Резеда была в приподнятом настроении, совершенно непохожем на то, что было в прошлый Машин визит к ним в дом. Шутила, строила планы, ни слова про уныние, отчаяние. Рассказывала о новой методике, которую сейчас испытывает на ней её врач: смесь иглоукалывания и медикаментозного лечения и вдобавок — китайский массаж, который ей делает настоящий китаец. Постороннему глазу пока не видно, рассказывала она, но врач говорит, что результаты очень и очень обнадеживающие.
Наконец, речь зашла о Петре.
— Как муж?
— Петя-то? Да ничего. Сезон сейчас высокий, дела идут неплохо, пропадает целыми днями на работе. Да и новости у нас.
Резеда усмехнулась и жестом показала, чтобы Маша нагнулась поближе к ней. Проверила, прикрыта ли дверь и тихо проговорила Маше на ухо:
— Кажется, у них с Фатимой роман намечается.
Маша так и обмерла. Перед глазами её пронеслась Фатима, которая открыла ей сегодня дверь. В этот момент Маша, поглощенная своими мыслями, мельком отметила, что выглядит женщина куда наряднее и ухоженнее, чем в прошлый ее визит: более нарядное платье, укладка, легкая косметика на лице. Маша списала это на то, что восточная женщина постепенно начала привыкать к жизни в большом городе. А оно вон оно что…
— Да ты что?! И ты так спокойно об этом говоришь?
— А что я, по-твоему, должна делать? Забиться тут в истерике?
— Ну, истерика-не истерика, но ты прямо даже как-то радостно про это рассказываешь. Я своим глазам не верю!
Резеда усмехнулась.
— Ну, не радостно, конечно. Но забавно, что я будто напророчила этот роман. Если вспомнить наш с тобой последний разговор.
— Ты Петра не любишь? — решилась на откровенный вопрос Маша.
Резеда помедлила с ответом, покрутила в руках носовой платок.
— Как тебе сказать, Маш… Понимаешь, хороший он мужик. Но у меня какое-то очень четкое ощущение, что сдулась наша с ним семья, кончилась. Прошла любовь, завяли помидоры, наверное.

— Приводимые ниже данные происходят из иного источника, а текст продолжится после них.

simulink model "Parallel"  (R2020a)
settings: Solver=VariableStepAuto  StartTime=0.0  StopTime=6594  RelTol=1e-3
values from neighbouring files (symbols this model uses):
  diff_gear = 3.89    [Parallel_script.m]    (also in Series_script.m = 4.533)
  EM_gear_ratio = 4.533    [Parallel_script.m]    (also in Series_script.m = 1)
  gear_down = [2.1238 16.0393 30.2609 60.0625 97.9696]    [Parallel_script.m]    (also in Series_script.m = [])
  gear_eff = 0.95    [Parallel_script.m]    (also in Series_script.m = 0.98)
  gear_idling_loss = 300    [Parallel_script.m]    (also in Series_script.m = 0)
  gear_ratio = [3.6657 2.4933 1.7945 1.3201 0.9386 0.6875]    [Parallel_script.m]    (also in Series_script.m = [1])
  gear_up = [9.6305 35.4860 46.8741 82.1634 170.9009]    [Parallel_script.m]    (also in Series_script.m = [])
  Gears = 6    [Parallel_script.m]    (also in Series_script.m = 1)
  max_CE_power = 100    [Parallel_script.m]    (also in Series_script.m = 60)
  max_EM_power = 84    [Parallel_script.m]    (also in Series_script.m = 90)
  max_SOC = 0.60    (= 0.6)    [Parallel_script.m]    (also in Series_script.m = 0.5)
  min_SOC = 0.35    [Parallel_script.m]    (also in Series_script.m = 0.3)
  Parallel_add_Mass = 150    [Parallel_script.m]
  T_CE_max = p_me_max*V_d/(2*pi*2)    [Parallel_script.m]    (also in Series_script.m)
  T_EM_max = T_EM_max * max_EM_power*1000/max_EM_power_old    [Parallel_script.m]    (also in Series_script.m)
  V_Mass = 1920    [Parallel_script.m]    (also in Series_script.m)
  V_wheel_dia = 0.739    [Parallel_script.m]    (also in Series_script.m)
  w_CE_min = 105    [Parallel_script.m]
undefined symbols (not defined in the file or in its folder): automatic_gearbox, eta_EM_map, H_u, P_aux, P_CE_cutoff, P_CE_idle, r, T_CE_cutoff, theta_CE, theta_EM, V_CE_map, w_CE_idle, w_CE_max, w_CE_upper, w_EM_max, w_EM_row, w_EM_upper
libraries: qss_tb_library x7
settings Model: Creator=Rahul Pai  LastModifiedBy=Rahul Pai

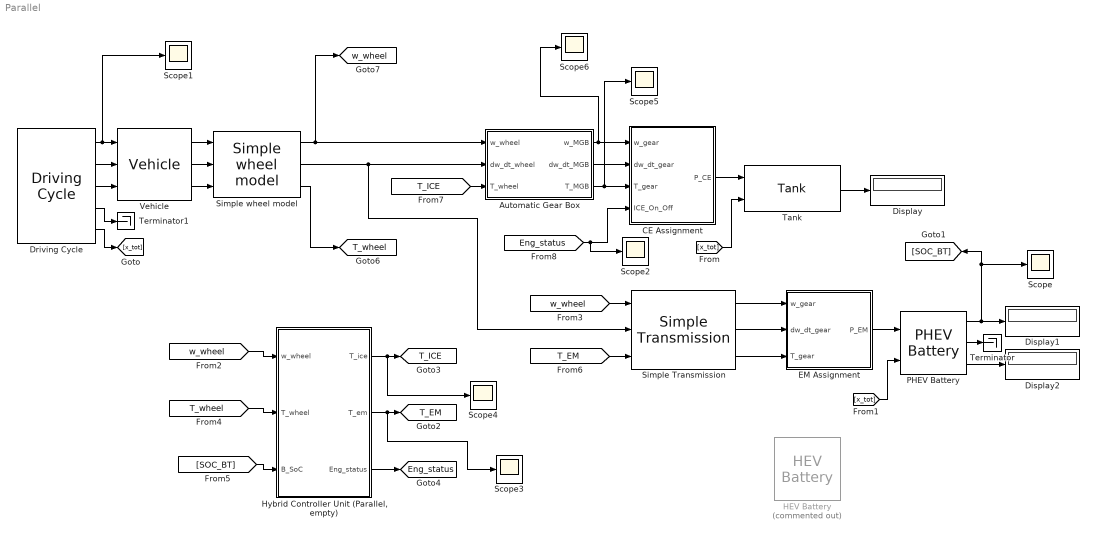
== system Parallel ==
  Automatic Gear Box : Subsystem  Tag=transmission  AncestorBlock=qss_tb_library/Gear System/Automatic Gear Box  mask(Automatic Gear Box){nog=Gears, i=gear_ratio, i_diff=diff_gear, gearon=gear_up, gearoff=gear_down, d=V_wheel_dia, e_GT=gear_eff, P_GT0=gear_idling_loss, w_wheel_min=1}
      mask prompts: nog "Number of gears"; i "Gear ratio vector"; i_diff "Differential gear [-]"; gearon "Switching points for upshift [km/h]"; gearoff "Switching points for downshift [km/h]"; d "Wheel diameter"; e_GT "Efficiency [-]"; P_GT0 "Idling losses (friction) [W]"; w_wheel_min "Minimum wheel speed beyond which losses are generated [rad/s]"
      mask help:
      | This block simulates a automatic gear box, can handle up to 16 gears.
      |
      | Input:
      | =====
      | 	w_wheel	Speed of the wheel [rad/s]
      | 	dw_dt_wheel	Acceleration of the wheel [rad/s^2],
      | 	T_wheel	Torque on the wheel [Nm]
      | 	i	Gear number [-]
      |
      | Output:
      | ======
      | 	w_MGB	Speed of the fly wheel [rad/s]
      | 	dw_dt_MGB	Acceleration of the fly wheel [rad/s^2]
      | 	T_MGB	Torque on the fly wheel [Nm]
      |
      | Number of gears:
      | ======
      | Specify the number of forward gears
      |
      | Shifting points for upshift:
      | ======
      | Vector specifying the velocity for shifting
      | [first_to_second_gear    second_to_third_gear    ....]
      | The number of elements in the vector should be Number of gears - 1.
      |
      | Shifting points for udownshift:
      | ======
      | Simular to upshift
      | [second_to_first_gear    third_to_second_gear    ....]
      mask init:
      | init_AGB;
  CE Assignment : Subsystem  Tag=combustion engine  AncestorBlock=qss_tb_library/Energy Converter/CE Assignment  mask(Combustion Engine (based on consumption map)){engine_type=Gasoline, P_ice=max_CE_power, ENABLE_FUEL_CUTOFF=on}
      mask prompts: engine_type "Engine type"; P_ice "Power [kW]"; ENABLE_FUEL_CUTOFF "Enable fuel cutoff"
      mask help:
      | This block simulates the behaviour of a combustion engine. The block is based on consumption maps for medium sized passenger cars.
      |
      | NA Gasoline:
      | max power @ 5000 rpm
      | max torque @ 3000 rpm
      |
      | Small Diesel:
      | max power @ 4500 rpm
      | max torque @ 2000 rpm
      |
      | Large Diesel:
      | max power @ 1500 rpm
      | max torque @ 1500 rpm
      |
      |
      | Input:
      | =====
      | 	w_gear	Speed of the fly wheel [rad/s]
      | 	dw_dt_gear	Acceleration of the fly wheel [rad/s^2]
      | 	T_gear	Torque on the fly wheel [Nm]
      |
      | Output:
      | ======
      | 	P_CE	Fuel power consumed by the combustion engine [W]
      mask init:
      | init_AssCE_map;
      mask TypeOptions engine_type: Gasoline | Small Diesel | Large Diesel
  Display : Display
  Display1 : Display
  Display2 : Display
  Driving Cycle : qss_tb_library/Driving Cycle/Driving Cycle  Tag=cycle  cyclename1=assignment2_custom_cycle_full  stepsize=1  autostop=on
  EM Assignment : Subsystem  AncestorBlock=qss_tb_library/Energy Converter/EM Assignment  mask(Electric Motor){P_em=max_EM_power}
      mask prompts: P_em "Power [kW]"
      mask help:
      | This block simulates the behaviour of an electric motor. The block is based on an efficiency map. The map is located in the Data/EnergyConvertter/ElectricMotor directory.
      |
      | Maximum speed och the electric motor is 6000 rpm
      | Field weakening region starts at 1500 rpm
      | Maximum mechanical power is at 2150 rpm
      | The maximum torque is 5.98 Nm/kW multiplied with the power you select.
      |
      | Input:
      | =====
      | 	w_gear	Speed of the motor [rad/s]
      | 	dw_dt_gear	Acceleration of the motor [rad/s^2]
      | 	T_gear	Torque of the motor [Nm]
      |
      | Output:
      | ======
      | 	P_EM	Electric Power consumed by the  motor [W]
      mask init:
      | init_EM_ass;
  HEV Battery : qss_tb_library/Energy Buffer/HEV Battery  Tag=battery  Commented=on  cell_series=N_series  cell_parallel=N_parallel  Q_BT_IC_rel=Init_SoC
  "Hybrid Controller Unit (Parallel, empty)" : Subsystem  AncestorBlock=|  mask(Hybrid Controller Unit){}
      | qss_tb_library/Controller/Hybrid Controller Unit 
      | (Parallel, empty)
      mask help: Design your control strategy in this block.
      mask init:
      | init_HCU_parallel;
  PHEV Battery : qss_tb_library/Energy Buffer/PHEV Battery  Tag=battery  cell_series=N_series  cell_parallel=N_parallel  Q_BT_IC_rel=Init_SoC
  Scope{,1..6} (7 alike) : Scope
  Simple Transmission : qss_tb_library/Gear System/Simple Transmission  Tag=simple transmission  gear_ratio=EM_gear_ratio  e_GT=EM_gear_eta  P_GT0=EM_idling_loss  w_wheel_min=1
  Simple wheel model : qss_tb_library/Vehicle/Simple wheel model  Tag=simple transmission  d_wheel=V_wheel_dia
  Tank : qss_tb_library/Energy Source/Tank  Tag=tank  fuel=Gasoline  flag_cold_start=on
  Terminator : Terminator
  Terminator1 : Terminator
  Vehicle : qss_tb_library/Vehicle/Vehicle  Tag=vehicle  m_f=V_Mass+Parallel_add_Mass  A_f=V_area  cw=V_d  mu=V_RRC  k_inertia=V_Rotating
  tag scope: Eng_status=global, T_EM=global, T_ICE=global, T_wheel=global, w_wheel=global
  wires:
  Driving Cycle/1 -> Scope1/1, Vehicle/1
  Driving Cycle/2 -> Vehicle/2
  Driving Cycle/3 -> Vehicle/3
  Vehicle/1 -> Simple wheel model/1
  Vehicle/2 -> Simple wheel model/2
  Vehicle/3 -> Simple wheel model/3
  Tank/1 -> Display/1
  CE Assignment/1(P_CE) -> Tank/1
  EM Assignment/1(P_EM) -> PHEV Battery/1
  Driving Cycle/5 -> [x_tot]
  [x_tot] -> Tank/2
  [x_tot] -> PHEV Battery/2
  PHEV Battery/1 -> [SOC_BT], Scope/1, Display1/1
  PHEV Battery/3 -> Display2/1
  PHEV Battery/2 -> Terminator/1
  Driving Cycle/4 -> Terminator1/1
  Simple Transmission/1 -> EM Assignment/1(w_gear)
  Simple Transmission/2 -> EM Assignment/2(dw_dt_gear)
  Simple Transmission/3 -> EM Assignment/3(T_gear)
  Automatic Gear Box/1(w_MGB) -> Scope6/1, CE Assignment/1(w_gear)
  Automatic Gear Box/2(dw_dt_MGB) -> CE Assignment/2(dw_dt_gear)
  Automatic Gear Box/3(T_MGB) -> Scope5/1, CE Assignment/3(T_gear)
  Simple wheel model/1 -> [w_wheel], Automatic Gear Box/1(w_wheel)
  [w_wheel] -> Simple Transmission/1
  [w_wheel] -> "Hybrid Controller Unit (Parallel, empty)"/1(w_wheel)
  [T_wheel] -> "Hybrid Controller Unit (Parallel, empty)"/2(T_wheel)
  [SOC_BT] -> "Hybrid Controller Unit (Parallel, empty)"/3(B_SoC)
  Simple wheel model/3 -> [T_wheel]
  "Hybrid Controller Unit (Parallel, empty)"/2(T_em) -> Scope3/1, [T_EM]
  [T_EM] -> Simple Transmission/3
  "Hybrid Controller Unit (Parallel, empty)"/1(T_ice) -> Scope4/1, [T_ICE]
  [T_ICE] -> Automatic Gear Box/3(T_wheel)
  "Hybrid Controller Unit (Parallel, empty)"/3(Eng_status) -> [Eng_status]
  [Eng_status] -> Scope2/1, CE Assignment/4(ICE_On_Off)
  Simple wheel model/2 -> Simple Transmission/2, Automatic Gear Box/2(dw_dt_wheel)

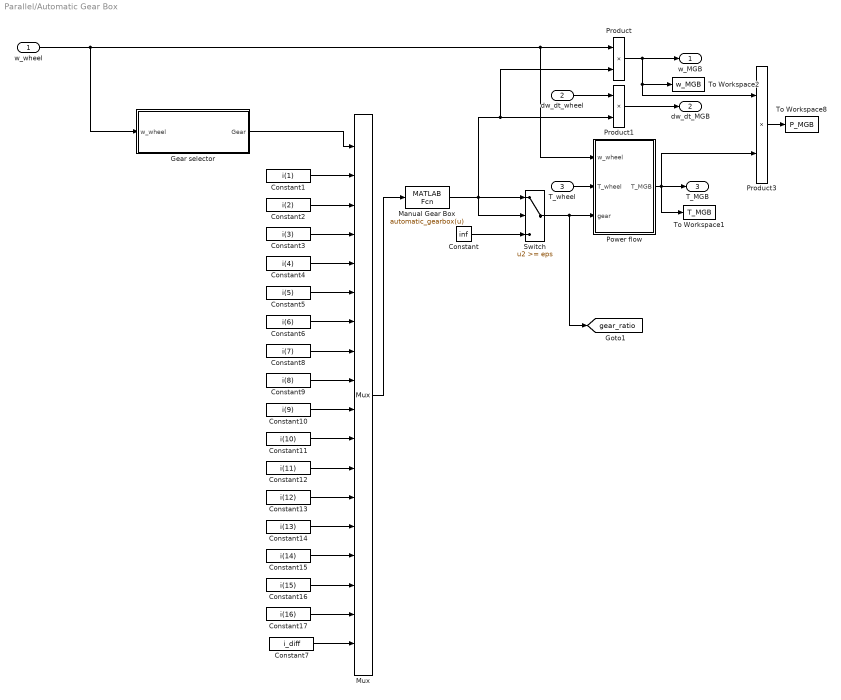
== system Parallel/Automatic Gear Box ==
  w_wheel : Inport
  dw_dt_wheel : Inport  Port=2
  T_wheel : Inport  Port=3
  Constant : Constant  Value=inf
  Constant1 : Constant  Value=i(1)
  Constant10 : Constant  Value=i(9)
  Constant11 : Constant  Value=i(10)
  Constant12 : Constant  Value=i(11)
  Constant13 : Constant  Value=i(12)
  Constant14 : Constant  Value=i(13)
  Constant15 : Constant  Value=i(14)
  Constant16 : Constant  Value=i(15)
  Constant17 : Constant  Value=i(16)
  Constant2 : Constant  Value=i(2)
  Constant3 : Constant  Value=i(3)
  Constant4 : Constant  Value=i(4)
  Constant5 : Constant  Value=i(5)
  Constant6 : Constant  Value=i(6)
  Constant7 : Constant  Value=i_diff
  Constant8 : Constant  Value=i(7)
  Constant9 : Constant  Value=i(8)
  Gear selector : Subsystem
  Manual Gear Box : MATLABFcn  MATLABFcn=automatic_gearbox(u)  OutputDimensions=1
  Mux : Mux  Inputs=18
  Power flow : Subsystem
  Product : Product  InputSameDT=on  RndMeth=Zero  SaturateOnIntegerOverflow=on  OutDataTypeStr=Inherit: Same as first input
  Product1 : Product  InputSameDT=on  RndMeth=Zero  SaturateOnIntegerOverflow=on  OutDataTypeStr=Inherit: Same as first input
  Product3 : Product  InputSameDT=on  RndMeth=Zero  SaturateOnIntegerOverflow=on  OutDataTypeStr=Inherit: Same as first input
  Switch : Switch  Threshold=eps  SaturateOnIntegerOverflow=on  InputSameDT=on
  To Workspace1 : ToWorkspace  VariableName=T_MGB  SampleTime=-1
  To Workspace2 : ToWorkspace  VariableName=w_MGB  SampleTime=-1
  To Workspace8 : ToWorkspace  VariableName=P_MGB  SampleTime=-1
  w_MGB : Outport  InitialOutput=0
  dw_dt_MGB : Outport  Port=2  InitialOutput=0
  T_MGB : Outport  Port=3  InitialOutput=0
  tag scope: gear_ratio=global
  wires:
  Constant17/1 -> Mux/17
  Constant16/1 -> Mux/16
  Constant15/1 -> Mux/15
  Constant14/1 -> Mux/14
  Constant13/1 -> Mux/13
  Constant12/1 -> Mux/12
  Constant11/1 -> Mux/11
  Constant10/1 -> Mux/10
  Constant9/1 -> Mux/9
  Constant8/1 -> Mux/8
  Constant7/1 -> Mux/18
  Power flow/1(T_MGB) -> T_MGB/1, Product3/2, To Workspace1/1
  Product/1 -> w_MGB/1, Product3/1, To Workspace2/1
  Constant/1 -> Switch/3
  w_wheel/1 -> Gear selector/1(w_wheel), Product/1, Power flow/1(w_wheel)
  Product1/1 -> dw_dt_MGB/1
  dw_dt_wheel/1 -> Product1/1
  Manual Gear Box/1 -> Product/2, Product1/2, Switch/2, Switch/1
  Product3/1 -> To Workspace8/1
  Switch/1 -> [gear_ratio], Power flow/3(gear)
  T_wheel/1 -> Power flow/2(T_wheel)
  Constant1/1 -> Mux/2
  Constant2/1 -> Mux/3
  Constant3/1 -> Mux/4
  Constant4/1 -> Mux/5
  Constant5/1 -> Mux/6
  Constant6/1 -> Mux/7
  Gear selector/1(Gear) -> Mux/1
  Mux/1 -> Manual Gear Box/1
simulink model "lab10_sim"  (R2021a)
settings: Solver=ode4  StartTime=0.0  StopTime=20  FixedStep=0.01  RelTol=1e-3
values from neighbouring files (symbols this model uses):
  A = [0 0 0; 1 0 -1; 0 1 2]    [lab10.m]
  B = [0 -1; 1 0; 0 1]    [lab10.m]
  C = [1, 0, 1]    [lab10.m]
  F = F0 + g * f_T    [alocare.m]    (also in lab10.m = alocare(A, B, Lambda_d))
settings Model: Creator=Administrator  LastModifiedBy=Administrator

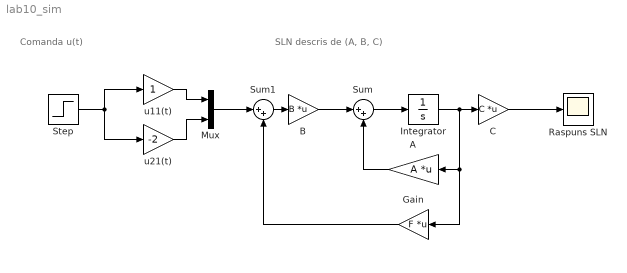
== system lab10_sim ==
  note: SLN descris de (A, B, C)
  note: Comanda u(t)
  A : Gain  Gain=A  Multiplication=Matrix(K*u)
  B : Gain  Gain=B  Multiplication=Matrix(K*u)
  C : Gain  Gain=C  Multiplication=Matrix(K*u)
  Gain : Gain  Gain=F  Multiplication=Matrix(K*u)
  Integrator : Integrator
  Mux : Mux  Inputs=2
  Raspuns SLN : Scope
  Step : Step  SampleTime=0
  Sum : Sum  Inputs=|++
  Sum1 : Sum  Inputs=|++
  u11(t) : Gain
  u21(t) : Gain  Gain=-2
  wires:
  Step/1 -> u21(t)/1, u11(t)/1
  u11(t)/1 -> Mux/1
  u21(t)/1 -> Mux/2
  B/1 -> Sum/1
  Sum/1 -> Integrator/1
  A/1 -> Sum/2
  Integrator/1 -> Gain/1, A/1, C/1
  C/1 -> Raspuns SLN/1
  Mux/1 -> Sum1/1
  Gain/1 -> Sum1/2
  Sum1/1 -> B/1

Маша не верила своим ушам.
— Как ты можешь так говорить? Он был с тобой в самый тяжелый момент, считай, с того свету тебя вытянул. Я же ездила к тебе в больницу тогда, сразу после инсульта. Врачи говорили, что сделали что смогли, теперь всё зависит от ухода. И этот уход тебе Петя и обеспечивал. Да и сейчас твое качество жизни обеспечивает тебе именно он, как я понимаю.
— Ты пойми, Маш, меня правильно. Я очень ему благодарна. Очень-очень. Но мне нужно идти дальше. Я верю в то, что не останусь инвалидом. Что встану и пойду, своими ногами. И готова зубами это у жизни выгрызать, любыми жертвами этого добиваться. А он уже сдался, и его всё вполне устраивает, он привык. Он устал бороться, и меня назад тянет, отговаривает, расхолаживает. Я хочу квартиру эту продать и уехать на полгода в Китай, лечиться, а он против.
— У тебя так много квартир, что ты можешь одной рискнуть? — изумилась идее Маша.
— Да нет, эта единственная. Просто других шансов встать на свои ноги у меня нет. Толку мне от этой квартиры, если я в ней — лежачий инвалид?
Маша и понимала логику Резеды и противилась ей одновременно. С детства ей внушалось родителями, что последним рисковать нельзя. Что можешь брать кредиты, играть на бирже, пользоваться любыми рискованными финансовыми инструментами, но квартирой, единственным своим жильем, рисковать нельзя. И периодически истории про бомжующих бывших москвичей, которые нет-нет, да и мелькнут в прессе или на ТВ, правильность этого тезиса вполне себе подкрепляли.
— Ты пойми, Маш, — расправляя одеяло вокруг себя, начала развивать свою мысль Резеда. — Если я встану на ноги, то на квартиру я себе заработаю. А лежать тут колодой — так это не Африка, бананы на деревьях не растут. Уйдет Петя — я тут с голоду сдохну. Мне неприятно так зависеть от мужика.
— Да с чего он уйдёт-то? — продолжала не понимать происходящее Маша. — Он любит тебя, заботится о тебе.